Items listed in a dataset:
+++

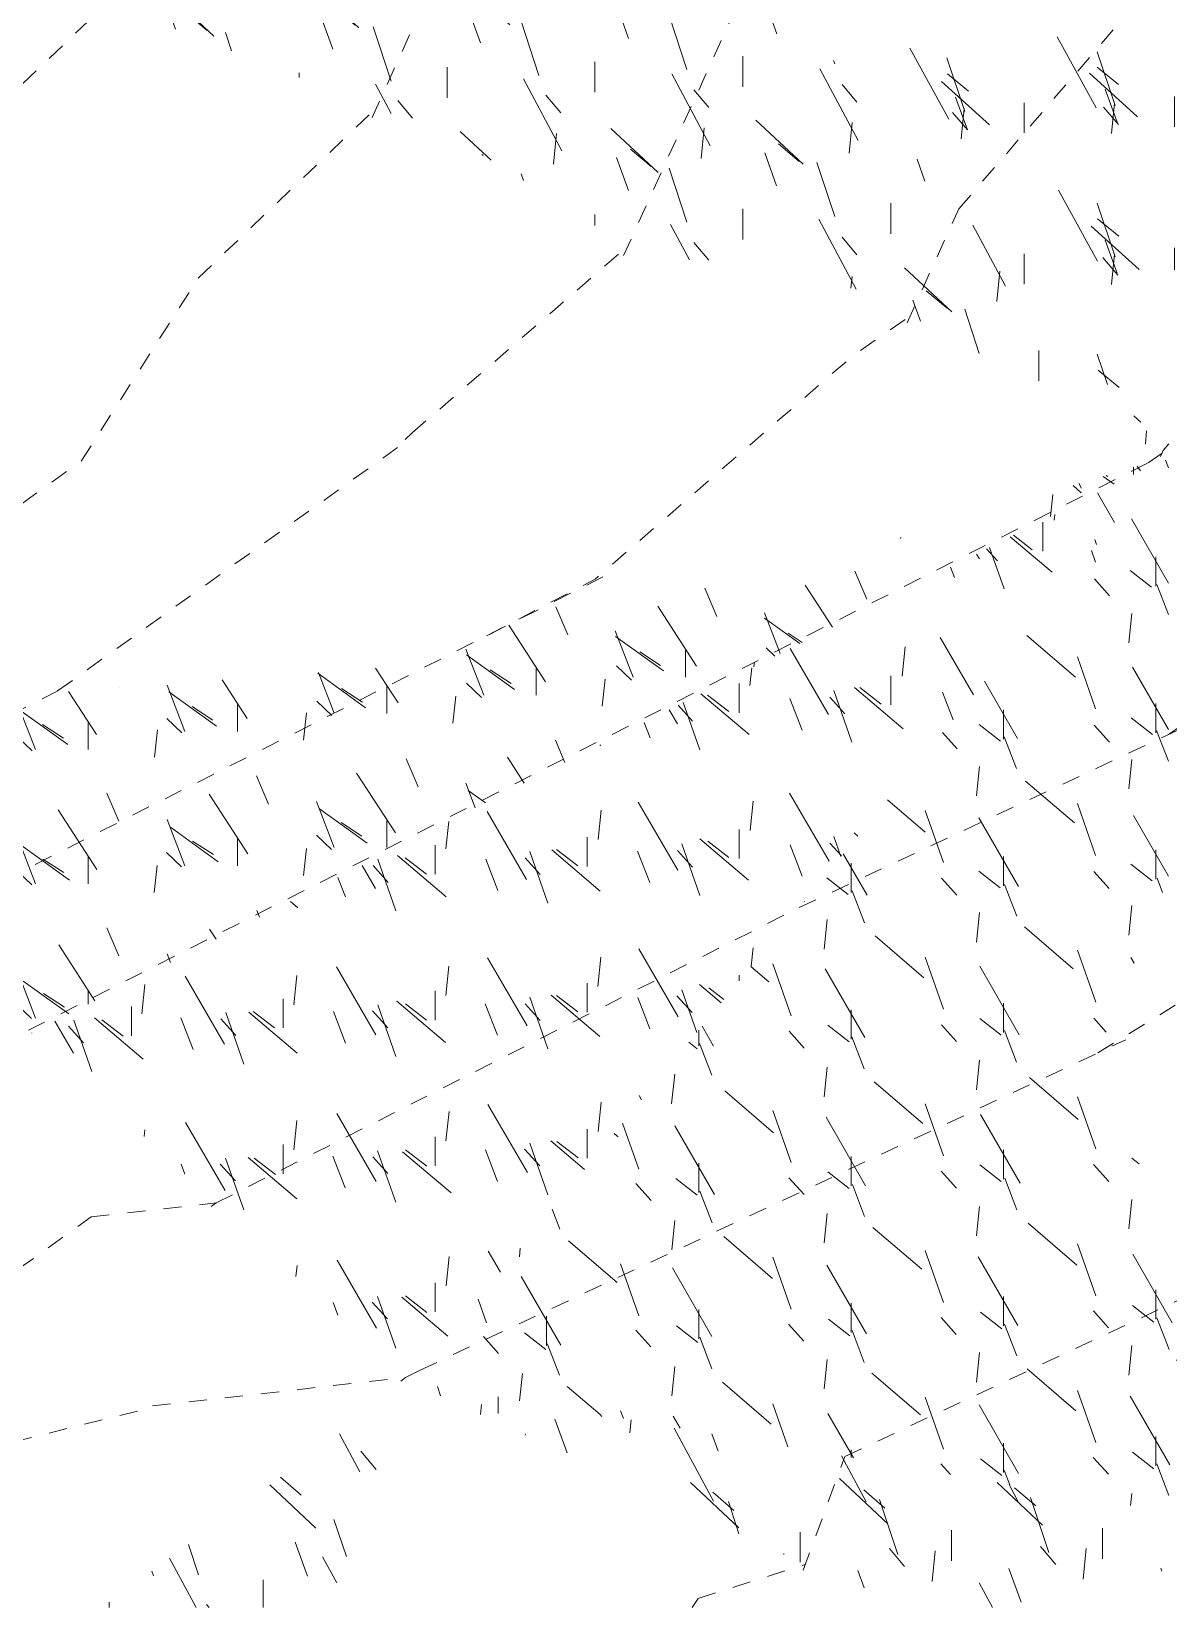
# Model space of a CAD drawing. Header units: metres. Extents: x 118 to 503, y -395 to 55.
# Drawn here: x 292.07 to 298.32, y -395.21 to -386.55 of the extents above; entities that cross this region are included whole.
import ezdxf

# ---------------------------------------------------------------- set-up
doc = ezdxf.new("R2010")
doc.units = ezdxf.units.M
doc.linetypes.add('Overhead', pattern=[0.00396875, 0.00238125, -0.0015875])
for name, color, linetype, lineweight, true_color in [('A-DETL', 7, 'Continuous', 9, 0x00a600), ('C-TOPO', 7, 'Continuous', 9, 0x7f7f7f), ('C-TOPO-MAJR', 7, 'Continuous', 9, 0x7f7f7f), ('C-TOPO-MINR', 7, 'Continuous', 9, 0x7f7f7f)]:
    doc.layers.add(name, color=color, linetype=linetype, lineweight=lineweight, true_color=true_color)

# ---------------------------------------------------------------- blocks, each defined once
blk = doc.blocks.new('YADRAN_AB_ARQ_MO_000_SITIO_rvt-1-Nivel Base - Bocatoma')
at = {"layer": 'C-TOPO', "linetype": 'Overhead', "true_color": 0xeaeaea}
h = blk.add_hatch(dxfattribs=at)
h.set_pattern_fill('FP_183', color=254, style=0, pattern_type=2)
h.set_pattern_definition([(108.579, (25.092, -21.46), (-0.8271546198638041, 1.629373052108683), [0.31155, -2.285]), (140.608, (24.993, -21.165), (-4.96335445633035, 3.957012376140067), [0.14985, -7.343]), (137.951, (25.705, -21.036), (-12.40823946401673, 11.13969064165239), [0.35647, -17.467]), (110.16, (25.44, -20.797), (-2.481474570399814, 6.551140453849166), [0.19201, -9.408999999999999]), (90, (25.374, -21.448), (-0.8272, 0.79806), [0.16629, -0.6651600000000001]), (118.849, (25.374, -21.282), (5.790507669725877, -10.57554831989556), [0.44573, -21.841]), (84.341, (25.159, -20.892), (-0.8271630623587705, -7.516065767964598), [0.16778, -8.221]), (130.622, (25.175, -20.725), (3.308570966120278, -4.023474189683081), [0.12705, -6.225999999999999])])
h.paths.add_polyline_path([(267.764079974147, -388.885400487071), (267.76409096842, -388.8853975397837), (267.9380074546402, -383.4206150390629), (261.0205058427019, -380.9101897472689), (267.7188237217256, -388.8318786982809)])
h = blk.add_hatch(dxfattribs=at)
h.set_pattern_fill('FP_178', color=254, style=0, pattern_type=2)
h.set_pattern_definition([(108.114, (31.312, -14.119), (-0.8134936127115264, 1.647740124072224), [0.31399, -2.303]), (139.744, (31.214, -13.82), (-4.880789962398581, 4.012901934180456), [0.14923, -7.312]), (137.089, (31.914, -13.693), (-12.20250465287709, 11.29119039448955), [0.35543, -17.416]), (109.659, (31.654, -13.451), (-2.440582895903104, 6.621916962113405), [0.19345, -9.479]), (90, (31.589, -14.108), (-0.8135, 0.8086899999999999), [0.16782, -0.6712899999999999]), (118.176, (31.589, -13.94), (5.694555849609451, -10.69554354420937), [0.4479399999999999, -21.949]), (84.48200000000003, (31.377, -13.546), (-0.8135143949975993, -7.581907978308078), [0.16921, -8.291]), (129.797, (31.393, -13.377), (3.254149537997603, -4.073992984867546), [0.1271, -6.227999999999999])])
h.paths.add_polyline_path([(267.7640766629232, -388.8854028001577), (267.7640776630738, -388.8853977539068), (261.020516765247, -380.910236662137), (261.5109634281984, -385.6254068465461), (261.9790675985597, -386.4070970948845), (263.8604567533185, -387.1429680922039), (264.8247043143209, -387.7494575918139), (266.0879222769505, -387.9706910758438), (267.7640697671167, -388.8853977539068)])
h = blk.add_hatch(dxfattribs=at)
h.set_pattern_fill('FP_193', color=254, style=0, pattern_type=2)
h.set_pattern_definition([(111.224, (57.96899999999999, -113.978), (-0.8214874996944349, 1.377008547811445), [0.27231, -1.997]), (147.008, (57.87, -113.725), (-4.928834908572283, 3.094377581297935), [0.13712, -6.718999999999999]), (144.193, (58.577, -113.55), (-12.32221374903377, 8.843208556826147), [0.32415, -15.883]), (113.049, (58.31399999999999, -113.361), (-2.464540556748304, 5.607752344009386), [0.16786, -8.225]), (90, (58.248, -113.945), (-0.8215, 0.63879), [0.14766, -0.59062]), (123.031, (58.248, -113.797), (5.750391437123135, -8.901144074862566), [0.39184, -19.2]), (83.73400000000001, (58.035, -113.468), (-0.8215070071676212, -6.743624156347571), [0.15054, -7.377000000000001]), (136.249, (58.051, -113.319), (3.285900526025418, -3.293331912921301), [0.11373, -5.572999999999999])])
h.paths.add_polyline_path([(261.5109483618987, -392.053298600308), (267.7639895759777, -388.8854640288703), (265.830381468302, -389.466401471118), (264.6361643492685, -389.5767891217532), (263.6837441587917, -390.026046136362), (261.6885714802175, -390.1791303832071), (260.3212290964002, -389.9574927026079), (259.857484790222, -389.3225867840323), (257.4576282052485, -388.7542078499177), (261.2847553504299, -391.8691948919652)])
h = blk.add_hatch(dxfattribs=at)
h.set_pattern_fill('FP_175', color=254, style=0, pattern_type=2)
h.set_pattern_definition([(109.467, (24.963, -48.835), (-0.8356210458914402, 1.561800191209905), [0.30085, -2.206]), (142.346, (24.863, -48.552), (-5.013146896008074, 3.753563100128279), [0.14775, -7.24]), (139.677, (25.581, -48.418), (-12.53281446255764, 10.58710815945535), [0.35069, -17.184]), (111.119, (25.314, -48.191), (-2.506679345851478, 6.289251160884068), [0.18552, -9.09]), (90, (25.247, -48.82100000000001), (-0.83552, 0.7592899999999999), [0.16045, -0.64179]), (120.156, (25.247, -48.66), (5.848752260406737, -10.12864620748435), [0.43243, -21.189]), (84.086, (25.03, -48.286), (-0.8355132215794475, -7.263571527297431), [0.16217, -7.946000000000001]), (132.253, (25.047, -48.125), (3.342013581042291, -3.839336723475668), [0.12426, -6.089])])
h.paths.add_polyline_path([(263.5953336914066, -393.9730459962094), (267.764083886719, -388.8854162503866), (261.5109672706599, -392.0533160156255), (263.199095994595, -393.608113677255)])
h = blk.add_hatch(dxfattribs=at)
h.set_pattern_fill('FP_174', color=254, style=0, pattern_type=2)
h.set_pattern_definition([(109.374, (20.618, -43.577), (-0.8378518021593125, 1.576318577483115), [0.3030999999999999, -2.223]), (141.986, (20.517, -43.291), (-5.027287216167529, 3.814540445277585), [0.14889, -7.296]), (139.337, (21.238, -43.163), (-12.56838119058904, 10.74600166484947), [0.35347, -17.32]), (111.014, (20.97, -42.933), (-2.513824488028694, 6.342365196635027), [0.18693, -9.16]), (90, (20.903, -43.565), (-0.8379, 0.77015), [0.16127, -0.64507]), (119.98, (20.903, -43.403), (5.865091688443927, -10.22884846237571), [0.43597, -21.362]), (84.09400000000001, (20.685, -43.026), (-0.8378942831019329, -7.293496979587029), [0.16286, -7.98]), (131.974, (20.701, -42.864), (3.351390125313539, -3.886769739456005), [0.12528, -6.138999999999999])])
h.paths.add_polyline_path([(268.4997542581831, -394.8141474560449), (268.499727089477, -394.8139285026975), (267.3557222514323, -392.2130682719875), (267.764083886719, -391.2027121523664), (267.764083886719, -388.8854209561149), (263.595331396571, -393.9730520383618), (267.764090479104, -394.6879830833962)])
h = blk.add_hatch(dxfattribs=at)
h.set_pattern_fill('FP_9', color=254, style=0, pattern_type=2)
h.set_pattern_definition([(108.435, (0.22005, 0), (-0.8461922283401542, 1.6922510244041), [0.32116, -2.355]), (139.399, (0.11849, 0.30468), (-5.077691293029927, 4.231354318972599), [0.15606, -7.646999999999999]), (136.848, (0.8463299999999999, 0.40624), (-12.69488743283421, 11.84839851016871), [0.3712299999999999, -18.19]), (109.983, (0.5755, 0.66014), (-2.539087963391222, 6.770939524930187), [0.19812, -9.708]), (90, (0.5078, 0), (-0.8463299999999999, 0.8463299999999999), [0.16927, -0.67706]), (118.443, (0.5078, 0.16927), (5.924381086409068, -11.00239457405062), [0.46201, -22.638]), (84.28900000000002, (0.28775, 0.5755), (-0.8463431667225685, -7.616584770633227), [0.17011, -8.335]), (129.806, (0.30468, 0.7447699999999999), (3.38530629651178, -4.231567932622339), [0.1322, -6.478])])
h.paths.add_polyline_path([(263.1404215865352, -395.2132001558784), (263.5953290677758, -393.9730516389796), (261.8996114081049, -395.2132001558784), (262.3838913574222, -395.2132001558784)])
h = blk.add_hatch(dxfattribs=at)
h.set_pattern_fill('FP_194', color=254, style=0, pattern_type=2)
h.set_pattern_definition([(108.245, (12.553, -4.522), (-0.8311706559434712, 1.677089563231046), [0.3185999999999999, -2.335999999999999]), (139.4, (12.453, -4.22), (-4.987262179678411, 4.153998196442718), [0.15327, -7.51]), (136.81, (13.168, -4.109), (-12.46894701591272, 11.65226142237039), [0.3648399999999999, -17.877]), (109.787, (12.902, -3.859), (-2.493774552482673, 6.720596519944478), [0.19644, -9.624999999999998]), (90, (12.836, -4.519), (-0.83125, 0.8330799999999999), [0.16885, -0.6753899999999999]), (118.244, (12.836, -4.35), (5.818706998259279, -10.89679779574295), [0.45671, -22.379]), (84.38400000000001, (12.619, -3.947), (-0.8312501178281212, -7.609176388152054), [0.16989, -8.323999999999998]), (129.681, (12.636, -3.778), (3.324770160695834, -4.17625374883359), [0.13019, -6.379])])
h.paths.add_polyline_path([(266.9596028313111, -395.2132001558784), (268.4997535291004, -394.8141475373557), (263.5953378759972, -393.9730531495661), (265.9450063089797, -395.0587455328717), (266.4304774020986, -395.2132001558784), (266.8429122070315, -395.2132001558784)])
at = {"layer": 'C-TOPO-MAJR', "color": 254, "linetype": 'Overhead', "true_color": 0xd4d4d4}
for p, q in [((263.6048243103007, -388.7542871935149), (264.7901924038425, -387.7277433421402)), ((263.5661007771803, -388.7912932305645), (263.6048186288396, -388.7542921137325)), ((267.6529479961368, -388.9188061850776), (267.7285314555807, -388.8660074634552)), ((262.1766467907233, -394.1051652232788), (263.5685616870891, -393.9483983881289))]:
    blk.add_line(p, q, dxfattribs=at)
at = {"layer": 'C-TOPO-MAJR', "color": 254, "linetype": 'Overhead', "true_color": 0xd4d4d4, "flags": 128}
for points in [[(261.3154124300594, -386.9589584774699), (261.3295821731882, -386.9615175730797), (261.9538464535779, -386.3649329336232)], [(261.6543151841885, -390.1735717556815), (263.549983194622, -388.8164869100316), (263.5660998871317, -388.7912940811486)], [(267.375882169345, -392.1633524022607), (268.4635395665244, -391.4929672363581), (268.4903069472056, -391.4742689194042), (270.5489590489863, -389.9318122622905)], [(259.670578451559, -394.2558475055197), (260.2856199960478, -394.473379805128), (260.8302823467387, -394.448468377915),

+++

Work request:
There is a run of lines above from the one with "blk = doc.blocks.new('YADRAN_AB_ARQ_MO_000_SITIO_rvt-1-Nivel" to the one with "h.set_pattern_fill('FP_183', color=254, style=0, pattern_type=2)"; print exactly that run, both ends included, and nothing else.

Response to the exercise:
blk = doc.blocks.new('YADRAN_AB_ARQ_MO_000_SITIO_rvt-1-Nivel Base - Bocatoma')
at = {"layer": 'C-TOPO', "linetype": 'Overhead', "true_color": 0xeaeaea}
h = blk.add_hatch(dxfattribs=at)
h.set_pattern_fill('FP_183', color=254, style=0, pattern_type=2)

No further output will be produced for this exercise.